### What to work on
Using the records below, transcribe word for word the stretch from the line that contains "#22=AXIS2_PLACEMENT_3D('',#19,#20,#21);" through the line that contains "#29=VERTEX_POINT('',#28);", both end lines included, and nothing else.
Dataset entries Block Start
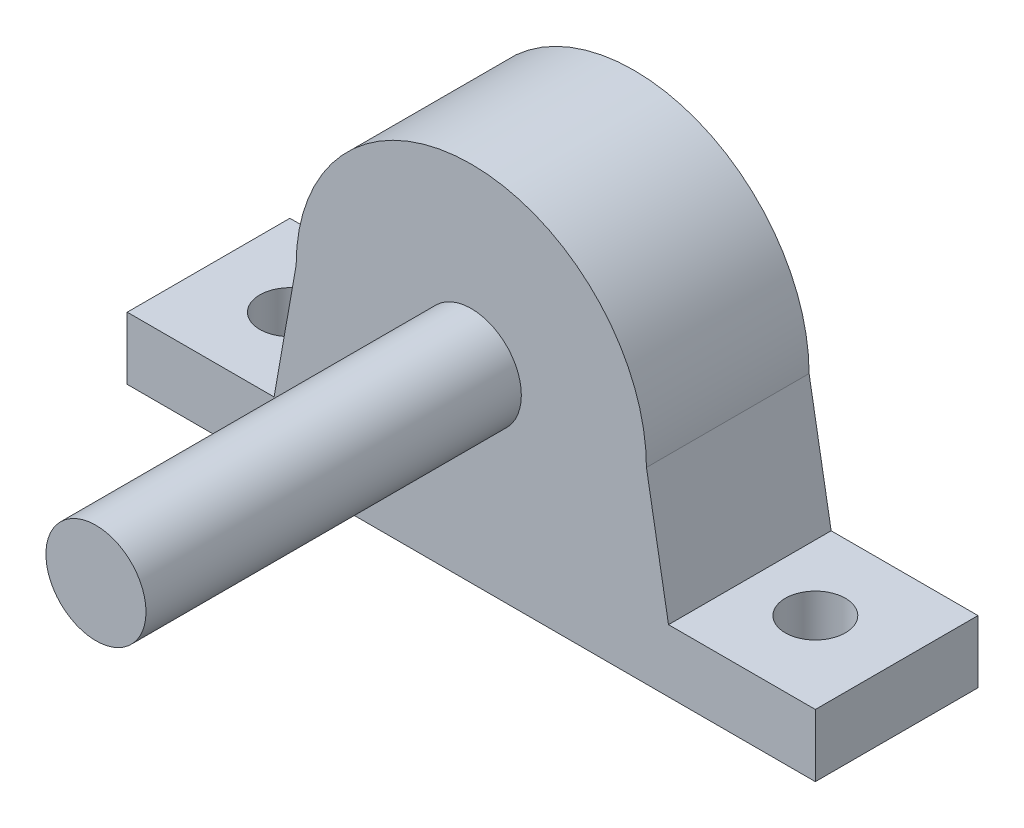
ISO-10303-21;
HEADER;
FILE_DESCRIPTION(('STEP AP214'),'2;1');
FILE_NAME('part.step','',(''),(''),'','','');
FILE_SCHEMA(('AUTOMOTIVE_DESIGN { 1 0 10303 214 1 1 1 1 }'));
ENDSEC;
DATA;
#1=APPLICATION_CONTEXT('core data for automotive mechanical design processes');
#2=APPLICATION_PROTOCOL_DEFINITION('international standard','automotive_design',2000,#1);
#3=PRODUCT_CONTEXT('',#1,'mechanical');
#4=PRODUCT('Part','Part','',(#3));
#5=PRODUCT_RELATED_PRODUCT_CATEGORY('part','',(#4));
#6=PRODUCT_DEFINITION_FORMATION('','',#4);
#7=PRODUCT_DEFINITION_CONTEXT('part definition',#1,'design');
#8=PRODUCT_DEFINITION('design','',#6,#7);
#9=PRODUCT_DEFINITION_SHAPE('','',#8);
#10=(LENGTH_UNIT() NAMED_UNIT(*) SI_UNIT(.MILLI.,.METRE.));
#11=(NAMED_UNIT(*) PLANE_ANGLE_UNIT() SI_UNIT($,.RADIAN.));
#12=(NAMED_UNIT(*) SI_UNIT($,.STERADIAN.) SOLID_ANGLE_UNIT());
#13=UNCERTAINTY_MEASURE_WITH_UNIT(LENGTH_MEASURE(1.E-05),#10,'distance_accuracy_value','');
#14=(GEOMETRIC_REPRESENTATION_CONTEXT(3) GLOBAL_UNCERTAINTY_ASSIGNED_CONTEXT((#13)) GLOBAL_UNIT_ASSIGNED_CONTEXT((#10,
#11,#12)) REPRESENTATION_CONTEXT('',''));
#15=CARTESIAN_POINT('',(0.,0.,0.));
#16=DIRECTION('',(0.,0.,1.));
#17=DIRECTION('',(1.,0.,0.));
#18=AXIS2_PLACEMENT_3D('',#15,#16,#17);
#19=CARTESIAN_POINT('',(0.,0.,13.));
#20=DIRECTION('',(1.,0.,0.));
#21=DIRECTION('',(0.,0.,-1.));
#22=AXIS2_PLACEMENT_3D('',#19,#20,#21);
#23=PLANE('',#22);
#24=DIRECTION('',(0.,-1.,0.));
#25=VECTOR('',#24,1.);
#26=CARTESIAN_POINT('',(0.,0.,0.));
#27=LINE('',#26,#25);
#28=CARTESIAN_POINT('',(0.,5.,0.));
#29=VERTEX_POINT('',#28);
#30=CARTESIAN_POINT('',(0.,0.,0.));
#31=VERTEX_POINT('',#30);
#32=EDGE_CURVE('E135',#29,#31,#27,.T.);
#33=ORIENTED_EDGE('',*,*,#32,.T.);
#34=DIRECTION('',(0.,0.,-1.));
#35=VECTOR('',#34,1.);
#36=CARTESIAN_POINT('',(0.,0.,13.));
#37=LINE('',#36,#35);
#38=CARTESIAN_POINT('',(0.,0.,13.));
#39=VERTEX_POINT('',#38);
#40=EDGE_CURVE('E11',#39,#31,#37,.T.);
#41=ORIENTED_EDGE('',*,*,#40,.F.);
#42=DIRECTION('',(0.,-1.,0.));
#43=VECTOR('',#42,1.);
#44=CARTESIAN_POINT('',(0.,0.,13.));
#45=LINE('',#44,#43);
#46=CARTESIAN_POINT('',(0.,5.,13.));
#47=VERTEX_POINT('',#46);
#48=EDGE_CURVE('E150',#47,#39,#45,.T.);
#49=ORIENTED_EDGE('',*,*,#48,.F.);
#50=DIRECTION('',(0.,0.,-1.));
#51=VECTOR('',#50,1.);
#52=CARTESIAN_POINT('',(0.,5.,13.));
#53=LINE('',#52,#51);
#54=EDGE_CURVE('E131',#47,#29,#53,.T.);
#55=ORIENTED_EDGE('',*,*,#54,.T.);
#56=EDGE_LOOP('',(#33,#41,#49,#55));
#57=FACE_BOUND('',#56,.T.);
#58=ADVANCED_FACE('F39',(#57),#23,.F.);
#59=CARTESIAN_POINT('',(0.,0.,13.));
#60=DIRECTION('',(0.,1.,0.));
#61=DIRECTION('',(0.,0.,1.));
#62=AXIS2_PLACEMENT_3D('',#59,#60,#61);
#63=PLANE('',#62);
#64=CARTESIAN_POINT('',(6.5,0.,6.5));
#65=DIRECTION('',(0.,1.,0.));
#66=DIRECTION('',(0.,0.,1.));
#67=AXIS2_PLACEMENT_3D('',#64,#65,#66);
#68=CIRCLE('',#67,2.4);
#69=CARTESIAN_POINT('',(6.5,0.,8.9));
#70=VERTEX_POINT('',#69);
#71=EDGE_CURVE('E185',#70,#70,#68,.F.);
#72=ORIENTED_EDGE('',*,*,#71,.F.);
#73=EDGE_LOOP('',(#72));
#74=FACE_BOUND('',#73,.T.);
#75=CARTESIAN_POINT('',(48.5,0.,6.5));
#76=DIRECTION('',(0.,1.,0.));
#77=DIRECTION('',(0.,0.,1.));
#78=AXIS2_PLACEMENT_3D('',#75,#76,#77);
#79=CIRCLE('',#78,2.4);
#80=CARTESIAN_POINT('',(48.5,0.,8.9));
#81=VERTEX_POINT('',#80);
#82=EDGE_CURVE('E190',#81,#81,#79,.F.);
#83=ORIENTED_EDGE('',*,*,#82,.F.);
#84=EDGE_LOOP('',(#83));
#85=FACE_BOUND('',#84,.T.);
#86=DIRECTION('',(1.,0.,0.));
#87=VECTOR('',#86,1.);
#88=CARTESIAN_POINT('',(0.,0.,0.));
#89=LINE('',#88,#87);
#90=CARTESIAN_POINT('',(55.,0.,0.));
#91=VERTEX_POINT('',#90);
#92=EDGE_CURVE('E138',#31,#91,#89,.T.);
#93=ORIENTED_EDGE('',*,*,#92,.T.);
#94=DIRECTION('',(0.,0.,-1.));
#95=VECTOR('',#94,1.);
#96=CARTESIAN_POINT('',(55.,0.,13.));
#97=LINE('',#96,#95);
#98=CARTESIAN_POINT('',(55.,0.,13.));
#99=VERTEX_POINT('',#98);
#100=EDGE_CURVE('E47',#99,#91,#97,.T.);
#101=ORIENTED_EDGE('',*,*,#100,.F.);
#102=DIRECTION('',(1.,0.,0.));
#103=VECTOR('',#102,1.);
#104=CARTESIAN_POINT('',(0.,0.,13.));
#105=LINE('',#104,#103);
#106=EDGE_CURVE('E98',#39,#99,#105,.T.);
#107=ORIENTED_EDGE('',*,*,#106,.F.);
#108=ORIENTED_EDGE('',*,*,#40,.T.);
#109=EDGE_LOOP('',(#93,#101,#107,#108));
#110=FACE_BOUND('',#109,.T.);
#111=ADVANCED_FACE('F218',(#74,#85,#110),#63,.F.);
#112=CARTESIAN_POINT('',(55.,5.,13.));
#113=DIRECTION('',(-1.,0.,0.));
#114=DIRECTION('',(0.,0.,1.));
#115=AXIS2_PLACEMENT_3D('',#112,#113,#114);
#116=PLANE('',#115);
#117=DIRECTION('',(0.,1.,0.));
#118=VECTOR('',#117,1.);
#119=CARTESIAN_POINT('',(55.,5.,0.));
#120=LINE('',#119,#118);
#121=CARTESIAN_POINT('',(55.,5.,0.));
#122=VERTEX_POINT('',#121);
#123=EDGE_CURVE('E141',#91,#122,#120,.T.);
#124=ORIENTED_EDGE('',*,*,#123,.T.);
#125=DIRECTION('',(0.,0.,-1.));
#126=VECTOR('',#125,1.);
#127=CARTESIAN_POINT('',(55.,5.,13.));
#128=LINE('',#127,#126);
#129=CARTESIAN_POINT('',(55.,5.,13.));
#130=VERTEX_POINT('',#129);
#131=EDGE_CURVE('E157',#130,#122,#128,.T.);
#132=ORIENTED_EDGE('',*,*,#131,.F.);
#133=DIRECTION('',(0.,1.,0.));
#134=VECTOR('',#133,1.);
#135=CARTESIAN_POINT('',(55.,5.,13.));
#136=LINE('',#135,#134);
#137=EDGE_CURVE('E165',#99,#130,#136,.T.);
#138=ORIENTED_EDGE('',*,*,#137,.F.);
#139=ORIENTED_EDGE('',*,*,#100,.T.);
#140=EDGE_LOOP('',(#124,#132,#138,#139));
#141=FACE_BOUND('',#140,.T.);
#142=ADVANCED_FACE('F163',(#141),#116,.F.);
#143=CARTESIAN_POINT('',(43.2632698070846,5.,13.));
#144=DIRECTION('',(0.,-1.,0.));
#145=DIRECTION('',(1.,0.,0.));
#146=AXIS2_PLACEMENT_3D('',#143,#144,#145);
#147=PLANE('',#146);
#148=CARTESIAN_POINT('',(48.5,5.,6.5));
#149=DIRECTION('',(0.,1.,0.));
#150=DIRECTION('',(-1.,0.,0.));
#151=AXIS2_PLACEMENT_3D('',#148,#149,#150);
#152=CIRCLE('',#151,2.4);
#153=CARTESIAN_POINT('',(46.1,5.,6.5));
#154=VERTEX_POINT('',#153);
#155=EDGE_CURVE('E186',#154,#154,#152,.T.);
#156=ORIENTED_EDGE('',*,*,#155,.F.);
#157=EDGE_LOOP('',(#156));
#158=FACE_BOUND('',#157,.T.);
#159=DIRECTION('',(-1.,0.,0.));
#160=VECTOR('',#159,1.);
#161=CARTESIAN_POINT('',(43.2632698070846,5.,0.));
#162=LINE('',#161,#160);
#163=CARTESIAN_POINT('',(43.2632698070846,5.,0.));
#164=VERTEX_POINT('',#163);
#165=EDGE_CURVE('E143',#122,#164,#162,.T.);
#166=ORIENTED_EDGE('',*,*,#165,.T.);
#167=DIRECTION('',(0.,0.,-1.));
#168=VECTOR('',#167,1.);
#169=CARTESIAN_POINT('',(43.2632698070846,5.,13.));
#170=LINE('',#169,#168);
#171=CARTESIAN_POINT('',(43.2632698070846,5.,13.));
#172=VERTEX_POINT('',#171);
#173=EDGE_CURVE('E154',#172,#164,#170,.T.);
#174=ORIENTED_EDGE('',*,*,#173,.F.);
#175=DIRECTION('',(-1.,0.,0.));
#176=VECTOR('',#175,1.);
#177=CARTESIAN_POINT('',(43.2632698070846,5.,13.));
#178=LINE('',#177,#176);
#179=EDGE_CURVE('E177',#130,#172,#178,.T.);
#180=ORIENTED_EDGE('',*,*,#179,.F.);
#181=ORIENTED_EDGE('',*,*,#131,.T.);
#182=EDGE_LOOP('',(#166,#174,#180,#181));
#183=FACE_BOUND('',#182,.T.);
#184=ADVANCED_FACE('F173',(#158,#183),#147,.F.);
#185=CARTESIAN_POINT('',(41.5,15.,13.));
#186=DIRECTION('',(-0.984807753012209,-0.173648177666923,0.));
#187=DIRECTION('',(0.173648177666923,-0.984807753012209,0.));
#188=AXIS2_PLACEMENT_3D('',#185,#186,#187);
#189=PLANE('',#188);
#190=DIRECTION('',(-0.173648177666923,0.984807753012209,0.));
#191=VECTOR('',#190,1.);
#192=CARTESIAN_POINT('',(41.5,15.,0.));
#193=LINE('',#192,#191);
#194=CARTESIAN_POINT('',(41.5,15.,0.));
#195=VERTEX_POINT('',#194);
#196=EDGE_CURVE('E145',#164,#195,#193,.T.);
#197=ORIENTED_EDGE('',*,*,#196,.T.);
#198=DIRECTION('',(0.,0.,-1.));
#199=VECTOR('',#198,1.);
#200=CARTESIAN_POINT('',(41.5,15.,13.));
#201=LINE('',#200,#199);
#202=CARTESIAN_POINT('',(41.5,15.,13.));
#203=VERTEX_POINT('',#202);
#204=EDGE_CURVE('E126',#203,#195,#201,.T.);
#205=ORIENTED_EDGE('',*,*,#204,.F.);
#206=DIRECTION('',(-0.173648177666923,0.984807753012209,0.));
#207=VECTOR('',#206,1.);
#208=CARTESIAN_POINT('',(41.5,15.,13.));
#209=LINE('',#208,#207);
#210=EDGE_CURVE('E117',#172,#203,#209,.T.);
#211=ORIENTED_EDGE('',*,*,#210,.F.);
#212=ORIENTED_EDGE('',*,*,#173,.T.);
#213=EDGE_LOOP('',(#197,#205,#211,#212));
#214=FACE_BOUND('',#213,.T.);
#215=ADVANCED_FACE('F176',(#214),#189,.F.);
#216=CARTESIAN_POINT('',(27.5,15.,13.));
#217=DIRECTION('',(0.,0.,-1.));
#218=DIRECTION('',(-1.,0.,0.));
#219=AXIS2_PLACEMENT_3D('',#216,#217,#218);
#220=CYLINDRICAL_SURFACE('',#219,14.);
#221=CARTESIAN_POINT('',(27.5,15.,0.));
#222=DIRECTION('',(0.,0.,1.));
#223=DIRECTION('',(1.,0.,0.));
#224=AXIS2_PLACEMENT_3D('',#221,#222,#223);
#225=CIRCLE('',#224,14.);
#226=CARTESIAN_POINT('',(13.5,15.,0.));
#227=VERTEX_POINT('',#226);
#228=EDGE_CURVE('E125',#195,#227,#225,.T.);
#229=ORIENTED_EDGE('',*,*,#228,.T.);
#230=DIRECTION('',(0.,0.,-1.));
#231=VECTOR('',#230,1.);
#232=CARTESIAN_POINT('',(13.5,15.,13.));
#233=LINE('',#232,#231);
#234=CARTESIAN_POINT('',(13.5,15.,13.));
#235=VERTEX_POINT('',#234);
#236=EDGE_CURVE('E122',#235,#227,#233,.T.);
#237=ORIENTED_EDGE('',*,*,#236,.F.);
#238=CARTESIAN_POINT('',(27.5,15.,13.));
#239=DIRECTION('',(0.,0.,1.));
#240=DIRECTION('',(1.,0.,0.));
#241=AXIS2_PLACEMENT_3D('',#238,#239,#240);
#242=CIRCLE('',#241,14.);
#243=EDGE_CURVE('E111',#203,#235,#242,.T.);
#244=ORIENTED_EDGE('',*,*,#243,.F.);
#245=ORIENTED_EDGE('',*,*,#204,.T.);
#246=EDGE_LOOP('',(#229,#237,#244,#245));
#247=FACE_BOUND('',#246,.T.);
#248=ADVANCED_FACE('F123',(#247),#220,.T.);
#249=CARTESIAN_POINT('',(13.5,15.,13.));
#250=DIRECTION('',(0.984807753012209,-0.173648177666924,0.));
#251=DIRECTION('',(0.173648177666924,0.984807753012209,0.));
#252=AXIS2_PLACEMENT_3D('',#249,#250,#251);
#253=PLANE('',#252);
#254=DIRECTION('',(-0.173648177666924,-0.984807753012209,0.));
#255=VECTOR('',#254,1.);
#256=CARTESIAN_POINT('',(13.5,15.,0.));
#257=LINE('',#256,#255);
#258=CARTESIAN_POINT('',(11.7367301929154,5.,0.));
#259=VERTEX_POINT('',#258);
#260=EDGE_CURVE('E84',#227,#259,#257,.T.);
#261=ORIENTED_EDGE('',*,*,#260,.T.);
#262=DIRECTION('',(0.,0.,-1.));
#263=VECTOR('',#262,1.);
#264=CARTESIAN_POINT('',(11.7367301929154,5.,13.));
#265=LINE('',#264,#263);
#266=CARTESIAN_POINT('',(11.7367301929154,5.,13.));
#267=VERTEX_POINT('',#266);
#268=EDGE_CURVE('E127',#267,#259,#265,.T.);
#269=ORIENTED_EDGE('',*,*,#268,.F.);
#270=DIRECTION('',(-0.173648177666924,-0.984807753012209,0.));
#271=VECTOR('',#270,1.);
#272=CARTESIAN_POINT('',(13.5,15.,13.));
#273=LINE('',#272,#271);
#274=EDGE_CURVE('E115',#235,#267,#273,.T.);
#275=ORIENTED_EDGE('',*,*,#274,.F.);
#276=ORIENTED_EDGE('',*,*,#236,.T.);
#277=EDGE_LOOP('',(#261,#269,#275,#276));
#278=FACE_BOUND('',#277,.T.);
#279=ADVANCED_FACE('F129',(#278),#253,.F.);
#280=CARTESIAN_POINT('',(0.,5.,13.));
#281=DIRECTION('',(0.,-1.,0.));
#282=DIRECTION('',(1.,0.,0.));
#283=AXIS2_PLACEMENT_3D('',#280,#281,#282);
#284=PLANE('',#283);
#285=CARTESIAN_POINT('',(6.5,5.,6.5));
#286=DIRECTION('',(0.,1.,0.));
#287=DIRECTION('',(-1.,0.,0.));
#288=AXIS2_PLACEMENT_3D('',#285,#286,#287);
#289=CIRCLE('',#288,2.4);
#290=CARTESIAN_POINT('',(4.1,5.,6.5));
#291=VERTEX_POINT('',#290);
#292=EDGE_CURVE('E189',#291,#291,#289,.T.);
#293=ORIENTED_EDGE('',*,*,#292,.F.);
#294=EDGE_LOOP('',(#293));
#295=FACE_BOUND('',#294,.T.);
#296=DIRECTION('',(-1.,0.,0.));
#297=VECTOR('',#296,1.);
#298=CARTESIAN_POINT('',(0.,5.,0.));
#299=LINE('',#298,#297);
#300=EDGE_CURVE('E90',#259,#29,#299,.T.);
#301=ORIENTED_EDGE('',*,*,#300,.T.);
#302=ORIENTED_EDGE('',*,*,#54,.F.);
#303=DIRECTION('',(-1.,0.,0.));
#304=VECTOR('',#303,1.);
#305=CARTESIAN_POINT('',(0.,5.,13.));
#306=LINE('',#305,#304);
#307=EDGE_CURVE('E55',#267,#47,#306,.T.);
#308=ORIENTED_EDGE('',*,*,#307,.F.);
Dataset entries Block End
### Finished task
#22=AXIS2_PLACEMENT_3D('',#19,#20,#21);
#23=PLANE('',#22);
#24=DIRECTION('',(0.,-1.,0.));
#25=VECTOR('',#24,1.);
#26=CARTESIAN_POINT('',(0.,0.,0.));
#27=LINE('',#26,#25);
#28=CARTESIAN_POINT('',(0.,5.,0.));
#29=VERTEX_POINT('',#28);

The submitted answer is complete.